◆ Work to be completed: Your answer must be an exact copy of the entries, containing no images.

[Data items]
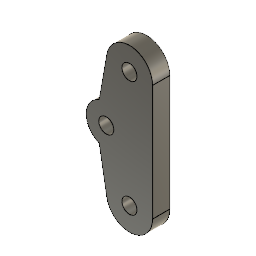
x_idler (Autodesk Fusion 360 design; units mm, degrees)
Autodesk Fusion 360 part; units mm, degrees
note: some values were not read from the file. Set by a fixed rule: which sketch regions a step uses.
sketch "Sketch1" plane through (0, 0, 0) normal (0, 1, 0) x (1, 0, 0)
  line L0 (0, 0) -> (0, -20) construction
  circle A0 centre (0, 0) radius 2.6
  circle A1 centre (8, -20) radius 2.6
  line L1 (0, -20) -> (8, -20) construction
  line L2 (0, 0) -> (18.1281, 0) construction
  circle A2 centre (8, 20) radius 2.6
  circle A3 centre (8, 20) radius 8
  circle A4 centre (0, 0) radius 7
  circle A5 centre (8, -20) radius 8
  line L3 (16, 20) -> (16, -20)
  line L4 (0.4465, 22.6352) -> (0.4465, 23.2319)
  line L5 (0.4465, 23.2319) -> (-2.4969, 6.5396)
  line L6 (0.4465, -23.2319) -> (-2.4969, -6.5396)
  dimension "d1" = 5.2
  dimension "d2" = 8
  dimension "d3" = 20
  dimension "d4" = 16
  dimension "d5" = 14
  dimension "d8" = 10
  measures "d1" diameter of A0
  measures "d2" distance of L0.start
  measures "d4" diameter of A3
  measures "d5" diameter of A4
  measures "d8" angle of L0 L5
extrude "Extrude1" add sketch "Sketch1" along normal blind 6 contours A3 | A3 A4 A5 L3 L5 L6 | A5 | A4
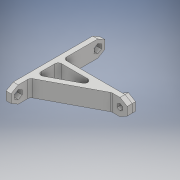
# Autodesk Inventor part: GPS_holder
Saved by Autodesk Inventor 2018 (Build 220112000, 112)
## iProperties
Created: 2018-07-16
Part Number: GPS_holder
Material: Generic
Document SubType Name: Modeling
Designer: Tsche
Density: 1 g/cm^3
Appearance: Default
Author: Tsche
Autodesk Inventor part; units mm, degrees
ref_plane "YZ Plane" through (0, 0, 0) normal (1, 0, 0) x (0, 1, 0)
ref_plane "XZ Plane" through (0, 0, 0) normal (0, 1, 0) x (-1, 0, 0)
ref_plane "XY Plane" through (0, 0, 0) normal (0, 0, 1) x (1, 0, 0)
sketch "Sketch1" plane through (0, 0, 0) normal (0, 0, 1) x (1, 0, 0)
  line L0 (3, -25) -> (44.33, -25)
  line L1 (44.33, -25) -> (44.33, -28)
  line L2 (44.33, -28) -> (35, -28)
  line L3 (35, -28) -> (3, -45)
  line L4 (3, -45) -> (3, -56.285)
  line L5 (3, -56.285) -> (0, -56.285)
  line L6 (0, -56.285) -> (0, 0)
  line L7 (3, -41.6029) -> (28.6055, -28)
  line L8 (28.6055, -28) -> (3, -28)
  line L9 (3, -41.6029) -> (3, -28)
  line L10 (0, -4.33) -> (3, -4.33) construction
  line L11 (0, -2.08) -> (3, -2.08) construction
  line L12 (0, -6.58) -> (3, -6.58) construction
  line L13 (0, -51.955) -> (3, -51.955) construction
  line L14 (0, -49.705) -> (3, -49.705) construction
  line L15 (0, -54.205) -> (3, -54.205) construction
  line L16 (40, -25) -> (40, -28) construction
  line L17 (0, 0) -> (3, 0)
  line L18 (3, 0) -> (3, -25)
  dimension "d1" = 3
  dimension "d2" = 3
  dimension "d3" = 3
  dimension "d6" = 20
  dimension "d8" = 4.5
  dimension "d13" = 47.625
  dimension "d18" = 40
  dimension "d48" = 4.33
  dimension "d49" = 5
  dimension "d55" = 4.33
  dimension "d56" = 25
  dimension "d59" = 4.33
  constraints: 38 end point, 12 point on line, 10 perpendicular, 2 horizontal, 2 parallel, 1 collinear, 1 vertical, 10 other
  measures "d1" distance between parallel lines of L0 L2
  measures "d2" distance of L4.end L5.end
  measures "d3" distance between parallel lines of L3 L7
  measures "d6" distance from line of L0 L3.end
  measures "d8" distance between parallel lines of L11 L12
  measures "d13" distance of L10.end L13.end
  measures "d18" distance between parallel lines of L6 L16
  measures "d48" distance between parallel lines of L1 L16
  measures "d49" distance from line of L2.end L16
  measures "d55" distance between parallel lines of L17 L10
  measures "d56" distance between parallel lines of L17 L0
  measures "d59" distance between parallel lines of L13 L5
extrude "Extrusion1" add sketch "Sketch1" along normal mid plane 10
fillet "Fillet2" radius 2 6 edges at (3, -45, 0) (35, -28, 0) (28.6055, -28, 0) (3, -41.6029, 0) (3, -28, 0) (3, -25, 0)
sketch "Sketch3" plane through (0, -56.285, 5) normal (-1, 0, 0) x (0, 0, 1)
  line L0 (-2.4019, 51.955) -> (-3.701, 49.705)
  line L1 (-3.701, 49.705) -> (-6.299, 49.705)
  line L2 (-6.299, 49.705) -> (-7.5981, 51.955)
  line L3 (-7.5981, 51.955) -> (-6.299, 54.205)
  line L4 (-6.299, 54.205) -> (-3.701, 54.205)
  line L5 (-3.701, 54.205) -> (-2.4019, 51.955)
  line L6 (-6.299, 6.58) -> (-3.701, 6.58)
  line L7 (-3.701, 6.58) -> (-2.4019, 4.33)
  line L8 (-2.4019, 4.33) -> (-3.701, 2.08)
  line L9 (-3.701, 2.08) -> (-6.299, 2.08)
  line L10 (-6.299, 2.08) -> (-7.5981, 4.33)
  line L11 (-7.5981, 4.33) -> (-6.299, 6.58)
  point P0 (-5, 56.285)
  point P1 (-5, 51.955)
  point P2 (-5, 51.955)
  point P3 (-5, 4.33)
  point P4 (-5, 4.33)
  dimension "d60" = 4.5
  constraints: 24 end point, 2 coincident, 2 horizontal, 1 parallel, 26 other
  measures "d60" distance between parallel lines of L1 L4
extrude "Extrusion3" cut sketch "Sketch3" against normal through all
sketch "Sketch4" plane through (44.33, -25, 5) normal (0, 1, 0) x (1, 0, 0)
  line L0 (-39.33, 10) -> (0, 10) construction
  line L1 (-4.33, 10) -> (0.0001, 7.5)
  line L2 (0.0001, 7.5) -> (0.0001, 2.5)
  line L3 (0.0001, 2.5) -> (-4.33, 0)
  line L4 (-4.33, 0) -> (-8.6601, 2.5)
  line L5 (-8.6601, 2.5) -> (-8.6601, 7.5)
  line L6 (-8.6601, 7.5) -> (-4.33, 10)
  line L7 (-4.33, 6.9053) -> (-2.68, 5.9526)
  line L8 (-2.68, 5.9526) -> (-2.68, 4.0474)
  line L9 (-2.68, 4.0474) -> (-4.33, 3.0947)
  line L10 (-4.33, 3.0947) -> (-5.98, 4.0474)
  line L11 (-5.98, 4.0474) -> (-5.98, 5.9526)
  line L12 (-5.98, 5.9526) -> (-4.33, 6.9053)
  point P0 (-44.33, 5)
  point P1 (-4.33, 5)
  point P2 (-4.33, 5)
  point P3 (-4.33, 5)
  dimension "d63" = 3.3
  constraints: 24 end point, 2 coincident, 2 vertical, 1 point on line, 26 other
  measures "d63" distance between parallel lines of L8 L11
extrude "Extrusion4" add sketch "Sketch4" along normal blind 2
extrude "Extrusion5" cut sketch "Sketch4" against normal through all contours L7 L8 L9 L10 L11 L12
chamfer "Chamfer1" distance 2.5 angle 60 2 edges at (44.33, -26.5, 5) (44.33, -26.5, -5) measured on face at (44.33, -27, -0.8334)
chamfer "Chamfer2" distance 2.5 angle 60 2 edges at (1.5, 0, -5) (1.5, 0, 5) measured on face at (2, 0, -1.6667)
chamfer "Chamfer3" distance 2.5 angle 60 2 edges at (1.5, -56.285, 5) (1.5, -56.285, -5) measured on face at (2, -56.285, 1.6667)
body "Solid1"

◆ Task answer:
x_idler (Autodesk Fusion 360 design; units mm, degrees)
Autodesk Fusion 360 part; units mm, degrees
note: some values were not read from the file. Set by a fixed rule: which sketch regions a step uses.
sketch "Sketch1" plane through (0, 0, 0) normal (0, 1, 0) x (1, 0, 0)
  line L0 (0, 0) -> (0, -20) construction
  circle A0 centre (0, 0) radius 2.6
  circle A1 centre (8, -20) radius 2.6
  line L1 (0, -20) -> (8, -20) construction
  line L2 (0, 0) -> (18.1281, 0) construction
  circle A2 centre (8, 20) radius 2.6
  circle A3 centre (8, 20) radius 8
  circle A4 centre (0, 0) radius 7
  circle A5 centre (8, -20) radius 8
  line L3 (16, 20) -> (16, -20)
  line L4 (0.4465, 22.6352) -> (0.4465, 23.2319)
  line L5 (0.4465, 23.2319) -> (-2.4969, 6.5396)
  line L6 (0.4465, -23.2319) -> (-2.4969, -6.5396)
  dimension "d1" = 5.2
  dimension "d2" = 8
  dimension "d3" = 20
  dimension "d4" = 16
  dimension "d5" = 14
  dimension "d8" = 10
  measures "d1" diameter of A0
  measures "d2" distance of L0.start
  measures "d4" diameter of A3
  measures "d5" diameter of A4
  measures "d8" angle of L0 L5
extrude "Extrude1" add sketch "Sketch1" along normal blind 6 contours A3 | A3 A4 A5 L3 L5 L6 | A5 | A4
# Autodesk Inventor part: GPS_holder
Saved by Autodesk Inventor 2018 (Build 220112000, 112)
## iProperties
Created: 2018-07-16
Part Number: GPS_holder
Material: Generic
Document SubType Name: Modeling
Designer: Tsche
Density: 1 g/cm^3
Appearance: Default
Author: Tsche
Autodesk Inventor part; units mm, degrees
ref_plane "YZ Plane" through (0, 0, 0) normal (1, 0, 0) x (0, 1, 0)
ref_plane "XZ Plane" through (0, 0, 0) normal (0, 1, 0) x (-1, 0, 0)
ref_plane "XY Plane" through (0, 0, 0) normal (0, 0, 1) x (1, 0, 0)
sketch "Sketch1" plane through (0, 0, 0) normal (0, 0, 1) x (1, 0, 0)
  line L0 (3, -25) -> (44.33, -25)
  line L1 (44.33, -25) -> (44.33, -28)
  line L2 (44.33, -28) -> (35, -28)
  line L3 (35, -28) -> (3, -45)
  line L4 (3, -45) -> (3, -56.285)
  line L5 (3, -56.285) -> (0, -56.285)
  line L6 (0, -56.285) -> (0, 0)
  line L7 (3, -41.6029) -> (28.6055, -28)
  line L8 (28.6055, -28) -> (3, -28)
  line L9 (3, -41.6029) -> (3, -28)
  line L10 (0, -4.33) -> (3, -4.33) construction
  line L11 (0, -2.08) -> (3, -2.08) construction
  line L12 (0, -6.58) -> (3, -6.58) construction
  line L13 (0, -51.955) -> (3, -51.955) construction
  line L14 (0, -49.705) -> (3, -49.705) construction
  line L15 (0, -54.205) -> (3, -54.205) construction
  line L16 (40, -25) -> (40, -28) construction
  line L17 (0, 0) -> (3, 0)
  line L18 (3, 0) -> (3, -25)
  dimension "d1" = 3
  dimension "d2" = 3
  dimension "d3" = 3
  dimension "d6" = 20
  dimension "d8" = 4.5
  dimension "d13" = 47.625
  dimension "d18" = 40
  dimension "d48" = 4.33
  dimension "d49" = 5
  dimension "d55" = 4.33
  dimension "d56" = 25
  dimension "d59" = 4.33
  constraints: 38 end point, 12 point on line, 10 perpendicular, 2 horizontal, 2 parallel, 1 collinear, 1 vertical, 10 other
  measures "d1" distance between parallel lines of L0 L2
  measures "d2" distance of L4.end L5.end
  measures "d3" distance between parallel lines of L3 L7
  measures "d6" distance from line of L0 L3.end
  measures "d8" distance between parallel lines of L11 L12
  measures "d13" distance of L10.end L13.end
  measures "d18" distance between parallel lines of L6 L16
  measures "d48" distance between parallel lines of L1 L16
  measures "d49" distance from line of L2.end L16
  measures "d55" distance between parallel lines of L17 L10
  measures "d56" distance between parallel lines of L17 L0
  measures "d59" distance between parallel lines of L13 L5
extrude "Extrusion1" add sketch "Sketch1" along normal mid plane 10
fillet "Fillet2" radius 2 6 edges at (3, -45, 0) (35, -28, 0) (28.6055, -28, 0) (3, -41.6029, 0) (3, -28, 0) (3, -25, 0)
sketch "Sketch3" plane through (0, -56.285, 5) normal (-1, 0, 0) x (0, 0, 1)
  line L0 (-2.4019, 51.955) -> (-3.701, 49.705)
  line L1 (-3.701, 49.705) -> (-6.299, 49.705)
  line L2 (-6.299, 49.705) -> (-7.5981, 51.955)
  line L3 (-7.5981, 51.955) -> (-6.299, 54.205)
  line L4 (-6.299, 54.205) -> (-3.701, 54.205)
  line L5 (-3.701, 54.205) -> (-2.4019, 51.955)
  line L6 (-6.299, 6.58) -> (-3.701, 6.58)
  line L7 (-3.701, 6.58) -> (-2.4019, 4.33)
  line L8 (-2.4019, 4.33) -> (-3.701, 2.08)
  line L9 (-3.701, 2.08) -> (-6.299, 2.08)
  line L10 (-6.299, 2.08) -> (-7.5981, 4.33)
  line L11 (-7.5981, 4.33) -> (-6.299, 6.58)
  point P0 (-5, 56.285)
  point P1 (-5, 51.955)
  point P2 (-5, 51.955)
  point P3 (-5, 4.33)
  point P4 (-5, 4.33)
  dimension "d60" = 4.5
  constraints: 24 end point, 2 coincident, 2 horizontal, 1 parallel, 26 other
  measures "d60" distance between parallel lines of L1 L4
extrude "Extrusion3" cut sketch "Sketch3" against normal through all
sketch "Sketch4" plane through (44.33, -25, 5) normal (0, 1, 0) x (1, 0, 0)
  line L0 (-39.33, 10) -> (0, 10) construction
  line L1 (-4.33, 10) -> (0.0001, 7.5)
  line L2 (0.0001, 7.5) -> (0.0001, 2.5)
  line L3 (0.0001, 2.5) -> (-4.33, 0)
  line L4 (-4.33, 0) -> (-8.6601, 2.5)
  line L5 (-8.6601, 2.5) -> (-8.6601, 7.5)
  line L6 (-8.6601, 7.5) -> (-4.33, 10)
  line L7 (-4.33, 6.9053) -> (-2.68, 5.9526)
  line L8 (-2.68, 5.9526) -> (-2.68, 4.0474)
  line L9 (-2.68, 4.0474) -> (-4.33, 3.0947)
  line L10 (-4.33, 3.0947) -> (-5.98, 4.0474)
  line L11 (-5.98, 4.0474) -> (-5.98, 5.9526)
  line L12 (-5.98, 5.9526) -> (-4.33, 6.9053)
  point P0 (-44.33, 5)
  point P1 (-4.33, 5)
  point P2 (-4.33, 5)
  point P3 (-4.33, 5)
  dimension "d63" = 3.3
  constraints: 24 end point, 2 coincident, 2 vertical, 1 point on line, 26 other
  measures "d63" distance between parallel lines of L8 L11
extrude "Extrusion4" add sketch "Sketch4" along normal blind 2
extrude "Extrusion5" cut sketch "Sketch4" against normal through all contours L7 L8 L9 L10 L11 L12
chamfer "Chamfer1" distance 2.5 angle 60 2 edges at (44.33, -26.5, 5) (44.33, -26.5, -5) measured on face at (44.33, -27, -0.8334)
chamfer "Chamfer2" distance 2.5 angle 60 2 edges at (1.5, 0, -5) (1.5, 0, 5) measured on face at (2, 0, -1.6667)
chamfer "Chamfer3" distance 2.5 angle 60 2 edges at (1.5, -56.285, 5) (1.5, -56.285, -5) measured on face at (2, -56.285, 1.6667)
body "Solid1"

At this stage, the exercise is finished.